Wer von Politikverdrossenheit redet, darf schon jetzt auf die langwierigen Verhandlungen zur Hartz-IV-Reform verweisen. In der Öffentlichkeit kommt vor allem an, dass sich die Parteien erbittert um fünf Euro Regelsatzerhöhung streiten. Schwarz-Gelb besteht auf dieser Summe, während SPD und Grüne ein paar Euro mehr drauflegen wollen. Die jeweiligen Begründungen sind mittlerweile so kompliziert, dass sie kaum noch jemand nachvollziehen kann.

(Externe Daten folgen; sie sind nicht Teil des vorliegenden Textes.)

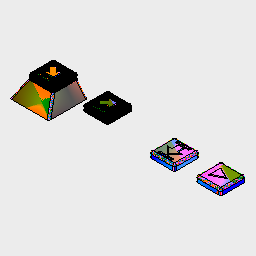
keycaps_debugsymbols_v2 (Autodesk Fusion 360 design; units mm, degrees)
Autodesk Fusion 360 part; units mm, degrees
note: some values were not read from the file. Chosen so that the rebuilt part matches the saved one: which sketch regions a step uses; that a step has no effect.
mesh "Netz1" [no effect]
sketch "Skizze1" plane through (5.433, 7.5669, 0.0261) normal (0, 0, 1) x (1, 0, 0)
  line L0 (-3.1492, -9.717) -> (-7.3992, -9.717) construction
  line L1 (-7.3992, -9.717) -> (-7.3992, -5.467) construction
  line L2 (-7.3992, -5.467) -> (-3.1492, -5.467) construction
  line L3 (-3.1492, -5.467) -> (-3.1492, -9.717) construction
  line L4 (-3.1492, -9.717) -> (-7.3992, -5.467) construction
  line L5 (-7.3992, -9.717) -> (-3.1492, -5.467) construction
  circle A0 centre (-5.2742, -7.592) radius 3.0052
  line L6 (-4.6092, -5.467) -> (-5.9392, -5.467)
  line L7 (-5.9392, -9.717) -> (-4.6092, -9.717)
  line L8 (-4.6092, -5.467) -> (-5.9392, -9.717) construction
  line L9 (-5.9392, -5.467) -> (-4.6092, -9.717) construction
  line L10 (-7.3992, -8.337) -> (-7.3992, -6.847)
  line L11 (-3.1492, -6.847) -> (-3.1492, -8.337)
  line L12 (-3.1492, -8.337) -> (-7.3992, -6.847) construction
  line L13 (-7.3992, -8.337) -> (-3.1492, -6.847) construction
  line L14 (-5.9392, -5.467) -> (-5.9392, -6.847)
  line L15 (-5.9392, -8.337) -> (-5.9392, -9.717)
  line L16 (-3.1492, -8.337) -> (-4.6092, -8.337)
  line L17 (-5.9392, -8.337) -> (-7.3992, -8.337)
  line L18 (-4.6092, -9.717) -> (-4.6092, -8.337)
  line L19 (-4.6092, -6.847) -> (-4.6092, -5.467)
  line L20 (-7.3992, -6.847) -> (-5.9392, -6.847)
  line L21 (-4.6092, -6.847) -> (-3.1492, -6.847)
  line L22 (3.0758, 0.758) -> (-13.6242, 0.758)
  line L23 (-13.6242, 0.758) -> (-13.6242, -15.942)
  line L24 (-13.6242, -15.942) -> (3.0758, -15.942)
  line L25 (3.0758, -15.942) -> (3.0758, 0.758)
  line L26 (3.0758, 0.758) -> (-13.6242, -15.942) construction
  line L27 (-13.6242, 0.758) -> (3.0758, -15.942) construction
  line L28 (4.0758, -16.942) -> (4.0758, 1.758)
  line L29 (4.0758, 1.758) -> (-14.6242, 1.758)
  line L30 (-14.6242, 1.758) -> (-14.6242, -16.942)
  line L31 (-14.6242, -16.942) -> (4.0758, -16.942)
  point P0 (-5.2742, -7.592)
  point P1 (-5.2742, -7.592)
  point P2 (-5.2742, -7.592)
  point P3 (-5.2742, -7.592)
  dimension "d1" = 4.25
  dimension "d2" = 4.25
  dimension "d3" = 1.33
  dimension "d4" = 1.49
  dimension "d10" = 16.7
  dimension "d11" = 16.7
  dimension "d12" = 1
  measures "d1" distance of L1.end L2.end
  measures "d2" distance of L0.end L1.end
  measures "d3" distance of L7.start L7.end
  measures "d4" distance of L10.start L10.end
  measures "d10" distance of L22.end L23.end
  measures "d11" distance of L23.end L24.end
ref_plane "Arbeitsebene1" through (0.1588, -0.0251, 7.0261) normal (0, 0, 1) x (1, 0, 0)
sketch "Skizze2" plane through (0, 0, 7.0261) normal (0, 0, 1) x (-1, 0, 0)
  line L0 (-5.1588, 3.0132) -> (4.8412, 3.0132)
  line L1 (4.8412, 3.0132) -> (4.8412, -6.9868)
  line L2 (4.8412, -6.9868) -> (-5.1588, -6.9868)
  line L3 (-5.1588, -6.9868) -> (-5.1588, 3.0132)
  line L4 (-5.1588, 3.0132) -> (4.8412, -6.9868) construction
  line L5 (4.8412, 3.0132) -> (-5.1588, -6.9868) construction
  line L6 (4.5912, 2.7632) -> (4.5912, -6.7368)
  line L7 (4.5912, -6.7368) -> (-4.9088, -6.7368)
  line L8 (-4.9088, -6.7368) -> (-4.9088, 2.7632)
  line L9 (-4.9088, 2.7632) -> (4.5912, 2.7632)
  line L10 (-6.1588, -7.9868) -> (-6.1588, 4.0132)
  line L11 (-6.1588, 4.0132) -> (5.8412, 4.0132)
  line L12 (5.8412, 4.0132) -> (5.8412, -7.9868)
  line L13 (5.8412, -7.9868) -> (-6.1588, -7.9868)
  point P0 (-0.1588, 0.0251)
  point P1 (-0.1588, 0.0251)
  dimension "d45" = 10
  dimension "d46" = 10
  dimension "d49" = 1
  dimension "d55" = 0.25
  measures "d45" distance of L1.end L2.end
  measures "d46" distance of L0.end L1.end
  measures "d55" distance of L0 L9
sketch "Skizze6" plane through (0, 0, 0) normal (1, 0, 0) x (0, 1, 0)
  spline S0 degree 5 poles (-4.0132, 7.0261) (-4.2644, 6.6286) (-4.7693, 5.9002) (-5.534, 5.0076) (-6.5555, 4.1355) (-7.7576, 3.2091) (-8.5695, 2.2707) (-9.0371, 1.2841) (-9.2748, 0.4713) (-9.3751, 0.0261) knots 0 0 0 0 0 0 0.2 0.4 0.6 0.8 1 1 1 1 1 1
  line L0 (-9.1428, 1.0572) -> (-9.6075, -1.005)
  line L1 (-3.4059, 7.9871) -> (-4.6204, 6.0651)
  line L2 (-4.0132, 7.0261) -> (7.9868, 7.0261)
  point P0 (9.3249, 0.0261)
  point P1 (6.7368, 7.0261)
  point P2 (-2.7632, 7.0261)
  point P3 (-9.3751, 0.0261)
  point P4 (-4.0132, 7.0261)
loft "Erhebung1" add profiles "Skizze1", "Skizze2" section 1 contours A0 | L6 L7 L10 L11 L14 L15 L16 L17 L18 L19 L20 L21 | L22 L23 L24 L25 | L28 L29 L30 L31 section 2 contours L0 L1 L2 L3 | L10 L11 L12 L13 makes body 1
shell "Schale1" thickness 1 removed faces 1 at (-2.9579, 3.0916, 0.0261) on bodies 1
extrude "Extrusion5" add sketch "Skizze2" along normal blind 1 contours L0 L1 L2 L3 | L6 L7 L8 L9 bodies 1
extrude "Extrusion4" add sketch "Skizze2" along normal blind 1.25 contours L0 L1 L2 L3 | L6 L7 L8 L9 bodies 1
extrude "Extrusion1" add sketch "Skizze1" along normal blind 7 contours A0 bodies 1
chamfer "Fase1" distance 2.02 distance2 0.25 1 edges at (-2.6431, -1.1118, 0.0261) measured on face at (3.149, 0.2741, 4.0261) on bodies 1
chamfer "Fase2" distance 1.5 distance2 0.25 12 edges at (0.8238, -1.4601, 0.0261) (0.1588, -2.1501, 0.0261) (-0.5062, -1.4601, 0.0261) (-1.2362, -0.7701, 0.0261) (-1.9662, -0.0251, 0.0261) (-1.2362, 0.7199, 0.0261) (-0.5062, 1.4099, 0.0261) (0.1588, 2.0999, 0.0261) (0.8238, 1.4099, 0.0261) (1.5538, 0.7199, 0.0261) (2.2838, -0.0251, 0.0261) (1.5538, -0.7701, 0.0261) measured on face at (0.8238, -1.6901, 2.0261) measured on face at (-0.0629, -2.1501, 2.0261) measured on face at (-0.5062, -1.2301, 2.0261) measured on face at (-0.9929, -0.7701, 2.0261) measured on face at (-1.9662, -0.2734, 2.0261) measured on face at (-1.4796, 0.7199, 2.0261) measured on face at (-0.5062, 1.6399, 2.0261) measured on face at (0.3804, 2.0999, 2.0261) measured on face at (0.8238, 1.1799, 2.0261) measured on face at (1.3104, 0.7199, 2.0261) measured on face at (2.2838, 0.2232, 2.0261) measured on face at (1.3104, -0.7701, 2.0261) on bodies 1
sketch "Skizze3" plane through (26.215, 27.4055, 0) normal (0, 0, 1) x (1, 0, 0) in component "Symbol1"
  line L0 (3.4862, -25.3196) -> (3.4862, -15.3196)
  line L1 (13.4862, -25.3196) -> (3.4862, -15.3196) construction
  line L2 (13.4862, -25.3196) -> (3.4862, -25.3196)
  line L3 (3.4862, -25.3196) -> (13.4862, -15.3196) construction
  line L4 (13.4862, -15.3196) -> (13.4862, -25.3196)
  line L5 (3.4862, -15.3196) -> (13.4862, -15.3196)
  line L6 (11.4862, -24.7196) -> (8.4862, -24.7196)
  line L7 (5.4862, -19.0653) -> (6.3592, -18.1926)
  line L8 (7.6124, -21.1934) -> (6.3498, -22.4561)
  line L9 (10.6227, -22.4561) -> (6.3498, -22.4561)
  line L10 (8.4862, -24.2196) -> (5.4862, -24.2196)
  line L11 (9.3601, -19.4458) -> (10.6227, -18.1831)
  line L12 (11.4862, -24.2196) -> (11.4862, -24.7196)
  line L13 (5.4862, -19.0653) -> (7.6124, -21.1934)
  line L14 (8.4862, -24.2196) -> (11.4862, -24.2196)
  line L15 (7.232, -17.3196) -> (9.3601, -19.4458)
  line L16 (9.36, -19.0216) -> (7.2319, -16.8954)
  line L17 (8.4862, -23.9196) -> (5.1862, -23.9196)
  line L18 (6.1471, -17.9805) -> (5.062, -19.0652)
  line L19 (10.9227, -22.7561) -> (10.9227, -17.4589)
  line L20 (10.9227, -17.4589) -> (9.36, -19.0216)
  line L21 (8.4862, -23.9196) -> (11.7862, -23.9196)
  line L22 (11.7862, -23.9196) -> (11.7862, -25.0196)
  line L23 (11.7862, -25.0196) -> (8.4862, -25.0196)
  line L24 (5.1862, -25.0196) -> (8.4862, -25.0196)
  line L25 (5.4862, -24.7196) -> (8.4862, -24.7196)
  line L26 (7.232, -17.3196) -> (6.3592, -18.1926)
  line L27 (5.6255, -22.7561) -> (10.9227, -22.7561)
  line L28 (5.4862, -24.2196) -> (5.4862, -24.7196)
  line L29 (10.6227, -22.4561) -> (10.6227, -18.1831)
  line L30 (5.062, -19.0652) -> (7.1882, -21.1933)
  line L31 (7.2319, -16.8954) -> (6.1471, -17.9805)
  line L32 (7.1882, -21.1933) -> (5.6255, -22.7561)
  line L33 (5.1862, -23.9196) -> (5.1862, -25.0196)
  line L34 (3.3362, -25.4696) -> (3.3362, -15.1696)
  line L35 (3.3362, -15.1696) -> (13.6362, -15.1696)
  line L36 (13.6362, -15.1696) -> (13.6362, -25.4696)
  line L37 (13.6362, -25.4696) -> (3.3362, -25.4696)
  line L38 (2.4362, -26.3696) -> (2.4362, -14.2696)
  line L39 (2.4362, -14.2696) -> (14.5362, -14.2696)
  line L40 (14.5362, -14.2696) -> (14.5362, -26.3696)
  line L41 (14.5362, -26.3696) -> (2.4362, -26.3696)
  dimension "d36" = 0.15
  dimension "d40" = 1.05
  dimension "d43" = 10
  dimension "d44" = 10
  measures "d43" distance of L0.end L3.end
  measures "d44" distance of L0.start L0.end
extrude "Extrusion1'" add sketch "Skizze3" along normal blind 0.5 separate body contours L0 L2 L4 L5 | L6 L10 L12 L14 L25 L28 | L7 L8 L9 L11 L13 L15 L26 L29 | L16 L18 L19 L20 L27 L30 L31 L32 | L17 L21 L22 L23 L24 L33 makes body 2 in component "Symbol1"
extrude "Extrusion2" add sketch "Skizze3" along normal blind 1.5 contours L6 L10 L12 L14 L25 L28 | L7 L8 L9 L11 L13 L15 L26 L29 bodies 2 in component "Symbol1"
extrude "Extrusion3" add sketch "Skizze3" along normal blind 0.75 from surface at 0.5 separate body contours L0 L2 L4 L5 | L34 L35 L36 L37 makes body 3 in component "Symbol1"
extrude "Extrusion4'" add sketch "Skizze3" along normal blind 1.25 contours L38 L39 L40 L41 bodies 3 in component "Symbol1"
extrude "Extrusion5'" add sketch "Skizze3" against normal blind 1.5 contours L38 L39 L40 L41 bodies 3 in component "Symbol1"
sketch "Skizze4" plane through (0, 0, 0) normal (0, 0, 1) x (1, 0, 0) in component "Symbol2"
  line L0 (53.1287, 3.5501) -> (56.4287, 3.5501)
  line L1 (56.1287, 11.0501) -> (56.1287, 11.5501)
  line L2 (53.1287, 3.2501) -> (56.1287, 3.2501)
  line L3 (56.4287, 11.8501) -> (56.4287, 10.7501)
  line L4 (50.1287, 11.0501) -> (50.1287, 11.5501)
  line L5 (53.1287, 3.7258) -> (56.853, 7.4501)
  line L6 (53.1287, 4.1501) -> (56.1287, 7.1501)
  line L7 (53.1287, 11.0501) -> (56.1287, 11.0501)
  line L8 (56.1287, 11.5501) -> (53.1287, 11.5501)
  line L9 (53.1287, 2.4501) -> (49.8287, 2.4501)
  line L10 (54.6287, 7.4501) -> (54.6287, 10.4501)
  line L11 (49.8287, 11.8501) -> (53.1287, 11.8501)
  line L12 (56.1287, 2.7501) -> (53.1287, 2.7501)
  line L13 (54.6287, 10.4501) -> (53.1287, 10.4501)
  line L14 (51.9287, 7.1501) -> (50.1287, 7.1501)
  line L15 (49.8287, 3.5501) -> (53.1287, 3.5501)
  line L16 (53.1287, 3.2501) -> (50.1287, 3.2501)
  line L17 (50.1287, 11.5501) -> (53.1287, 11.5501)
  line L18 (53.1287, 4.1501) -> (50.1287, 7.1501)
  line L19 (49.4045, 7.4501) -> (53.1287, 3.7258)
  line L20 (56.1287, 3.2501) -> (56.1287, 2.7501)
  line L21 (50.1287, 3.2501) -> (50.1287, 2.7501)
  line L22 (51.6287, 7.4501) -> (49.4045, 7.4501)
  line L23 (54.3287, 7.1501) -> (56.1287, 7.1501)
  line L24 (53.1287, 11.0501) -> (50.1287, 11.0501)
  line L25 (51.9287, 10.1501) -> (53.1287, 10.1501)
  line L26 (56.4287, 10.7501) -> (53.1287, 10.7501)
  line L27 (48.1287, 12.1501) -> (58.1287, 12.1501)
  line L28 (58.1287, 12.1501) -> (58.1287, 2.1501)
  line L29 (48.1287, 2.1501) -> (58.1287, 12.1501) construction
  line L30 (49.8287, 10.7501) -> (49.8287, 11.8501)
  line L31 (58.1287, 2.1501) -> (48.1287, 12.1501) construction
  line L32 (54.3287, 10.1501) -> (54.3287, 7.1501)
  line L33 (56.4287, 3.5501) -> (56.4287, 2.4501)
  line L34 (50.1287, 2.7501) -> (53.1287, 2.7501)
  line L35 (51.6287, 10.4501) -> (51.6287, 7.4501)
  line L36 (49.8287, 2.4501) -> (49.8287, 3.5501)
  line L37 (51.9287, 10.1501) -> (51.9287, 7.1501)
  line L38 (58.1287, 2.1501) -> (48.1287, 2.1501)
  line L39 (53.1287, 11.8501) -> (56.4287, 11.8501)
  line L40 (53.1287, 10.7501) -> (49.8287, 10.7501)
  line L41 (53.1287, 10.4501) -> (51.6287, 10.4501)
  line L42 (56.853, 7.4501) -> (54.6287, 7.4501)
  line L43 (54.3287, 10.1501) -> (53.1287, 10.1501)
  line L44 (48.1287, 2.1501) -> (48.1287, 12.1501)
  line L45 (56.4287, 2.4501) -> (53.1287, 2.4501)
  line L46 (47.9787, 2.0001) -> (47.9787, 12.3001)
  line L47 (47.9787, 12.3001) -> (58.2787, 12.3001)
  line L48 (58.2787, 12.3001) -> (58.2787, 2.0001)
  line L49 (58.2787, 2.0001) -> (47.9787, 2.0001)
  line L50 (47.0787, 1.1001) -> (47.0787, 13.2001)
  line L51 (47.0787, 13.2001) -> (59.1787, 13.2001)
  line L52 (59.1787, 13.2001) -> (59.1787, 1.1001)
  line L53 (59.1787, 1.1001) -> (47.0787, 1.1001)
  dimension "d72" = 0.15
  dimension "d73" = 1.05
extrude "Extrusion1''" add sketch "Skizze4" along normal blind 0.5 separate body contours L0 L9 L15 L33 L36 L45 | L1 L4 L7 L8 L17 L24 | L2 L12 L16 L20 L21 L34 | L3 L11 L26 L30 L39 L40 | L5 L10 L13 L19 L22 L35 L41 L42 | L6 L14 L18 L23 L25 L32 L37 L43 | L27 L28 L38 L44 makes body 4 in component "Symbol2"
extrude "Extrusion2'" add sketch "Skizze4" along normal blind 1.5 contours L1 L4 L7 L8 L17 L24 | L2 L12 L16 L20 L21 L34 | L6 L14 L18 L23 L25 L32 L37 L43 bodies 4 in component "Symbol2"
extrude "Extrusion3'" add sketch "Skizze4" along normal blind 0.75 from surface at 0.5 separate body contours L27 L28 L38 L44 | L46 L47 L48 L49 makes body 5 in component "Symbol2"
extrude "Extrusion4''" add sketch "Skizze4" along normal blind 1.25 contours L50 L51 L52 L53 bodies 5 in component "Symbol2"
extrude "Extrusion5''" add sketch "Skizze4" against normal blind 1.5 contours L50 L51 L52 L53 bodies 5 in component "Symbol2"
fillet "Abrundung2" radius 1 4 edges at (40.7512, 1.0359, -0.125) (28.6512, 1.0359, -0.125) (40.7512, 13.1359, -0.125) (28.6512, 13.1359, -0.125) on bodies 3 in component "Symbol1"
fillet "Abrundung1" radius 1 8 edges at (40.4583, 12.843, 1.25) (34.7012, 13.1359, 1.25) (28.9441, 12.843, 1.25) (28.6512, 7.0859, 1.25) (28.9441, 1.3288, 1.25) (34.7012, 1.0359, 1.25) (40.4583, 1.3288, 1.25) (40.7512, 7.0859, 1.25) on bodies 3 in component "Symbol1"
fillet "Abrundung5" radius 1 4 edges at (-7.5162, -6.6941, 3.5261) (-7.5162, 8.6559, 3.5261) (7.8338, -6.6941, 3.5261) (7.8338, 8.6559, 3.5261) on bodies 1
fillet "Abrundung1'" radius 1 4 edges at (47.0787, 1.1001, -0.125) (47.0787, 13.2001, -0.125) (59.1787, 13.2001, -0.125) (59.1787, 1.1001, -0.125) on bodies 5 in component "Symbol2"
fillet "Abrundung2'" radius 1 8 edges at (47.3716, 12.9072, 1.25) (47.0787, 7.1501, 1.25) (47.3716, 1.393, 1.25) (53.1287, 1.1001, 1.25) (58.8858, 1.393, 1.25) (59.1787, 7.1501, 1.25) (58.8858, 12.9072, 1.25) (53.1287, 13.2001, 1.25) on bodies 5 in component "Symbol2"
sketch "Skizze5" plane through (0, 0, 0) normal (0, 0, 1) x (1, 0, 0) in component "symbol3"
  line L0 (79.313, 3.1314) -> (69.313, 13.1314) construction
  line L1 (79.313, 13.1314) -> (79.313, 3.1314)
  line L2 (71.613, 5.6168) -> (76.6422, 8.1314)
  line L3 (71.613, 10.646) -> (71.613, 5.6168)
  line L4 (79.313, 3.1314) -> (69.313, 3.1314)
  line L5 (76.6422, 8.1314) -> (71.613, 10.646)
  line L6 (69.313, 13.1314) -> (79.313, 13.1314)
  line L7 (69.313, 3.1314) -> (69.313, 13.1314)
  line L8 (71.313, 5.1314) -> (71.313, 11.1314)
  line L9 (71.313, 11.1314) -> (77.313, 8.1314)
  line L10 (77.313, 8.1314) -> (71.313, 5.1314)
  line L11 (69.313, 3.1314) -> (79.313, 13.1314) construction
  line L12 (69.163, 2.9814) -> (69.163, 13.2814)
  line L13 (69.163, 13.2814) -> (79.463, 13.2814)
  line L14 (79.463, 13.2814) -> (79.463, 2.9814)
  line L15 (79.463, 2.9814) -> (69.163, 2.9814)
  line L16 (68.263, 2.0814) -> (68.263, 14.1814)
  line L17 (68.263, 14.1814) -> (80.363, 14.1814)
  line L18 (80.363, 14.1814) -> (80.363, 2.0814)
  line L19 (80.363, 2.0814) -> (68.263, 2.0814)
  dimension "d88" = 0.15
  dimension "d89" = 1.05
extrude "Extrusion1'''" add sketch "Skizze5" along normal blind 0.5 separate body contours L1 L4 L6 L7 | L2 L3 L5 | L8 L9 L10 makes body 6 in component "symbol3"
extrude "Extrusion2''" add sketch "Skizze5" along normal blind 1.5 contours L2 L3 L5 bodies 6 in component "symbol3"
extrude "Extrusion4'''" add sketch "Skizze5" along normal blind 0.75 from surface at 0.5 separate body contours L1 L4 L6 L7 | L12 L13 L14 L15 makes body 7 in component "symbol3"
extrude "Extrusion5'''" add sketch "Skizze5" along normal blind 1.25 contours L16 L17 L18 L19 bodies 7 in component "symbol3"
extrude "Extrusion6" add sketch "Skizze5" against normal blind 1.5 contours L16 L17 L18 L19 bodies 7 in component "symbol3"
fillet "Abrundung1''" radius 1 4 edges at (68.263, 2.0814, -0.125) (80.363, 2.0814, -0.125) (80.363, 14.1814, -0.125) (68.263, 14.1814, -0.125) on bodies 7 in component "symbol3"
fillet "Abrundung2''" radius 1 8 edges at (68.5559, 2.3743, 1.25) (74.313, 2.0814, 1.25) (80.0701, 2.3743, 1.25) (80.363, 8.1314, 1.25) (80.0701, 13.8885, 1.25) (74.313, 14.1814, 1.25) (68.5559, 13.8885, 1.25) (68.263, 8.1314, 1.25) on bodies 7 in component "symbol3"
sketch "Skizze3 (2)" plane through (26.215, 27.4055, 0) normal (0, 0, 1) x (1, 0, 0) in component "Symbol4"
  line L0 (3.4862, -25.3196) -> (3.4862, -15.3196)
  line L1 (13.4862, -25.3196) -> (3.4862, -15.3196) construction
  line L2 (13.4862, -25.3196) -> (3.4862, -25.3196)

Schwierig ist auch die Bildungsteilhabe für arme Kinder. Sie wäre am besten zu verwirklichen durch den Ausbau der Bildungs-Infrastruktur. Das Land braucht dringend mehr Ganztagsschulen und Ganztagskitas. Doch hier fängt die heikle Frage der föderalen Zuständigkeit an. Die Verhandlungen werden außerdem kompliziert durch die politische Großwetterlage: Am 20. Februar beginnt der Reigen der Landtagswahlen. Die Parteien suchen nach Profilierung. Das erschwert die Kompromisssuche, Gesichtswahrung heißt nun das vordringliche Thema. Die FDP etwa will ihre wirtschaftsliberale Stammklientel nicht durch einen großzügigen Mindestlohn für Zeitarbeiter erschrecken. Die SPD möchte gerne ihr Idee der Schulsozialarbeiter verwirklicht sehen. Die CDU hat Angst, dass die Kosten aus dem Ruder laufen. Und CSU und FDP demonstrieren wieder einmal, dass sie nichts miteinander anfangen können - auch wenn sie auf derselben Seite verhandeln. Unter diesen Umständen ist ein großer Wurf nicht möglich. Es empfiehlt sich die Beschränkung auf das Wesentliche. Die Politik soll für eine transparente Berechnung des Regelsatzes und für die Bildungsteilhabe von armen Kindern sorgen: So lautet im Kern der Auftrag des Bundesverfassungsgerichts. Gefragt ist nun ein Ergebnis. Wenn es nicht bald eines gibt, steht die Politik insgesamt als Verliererin da.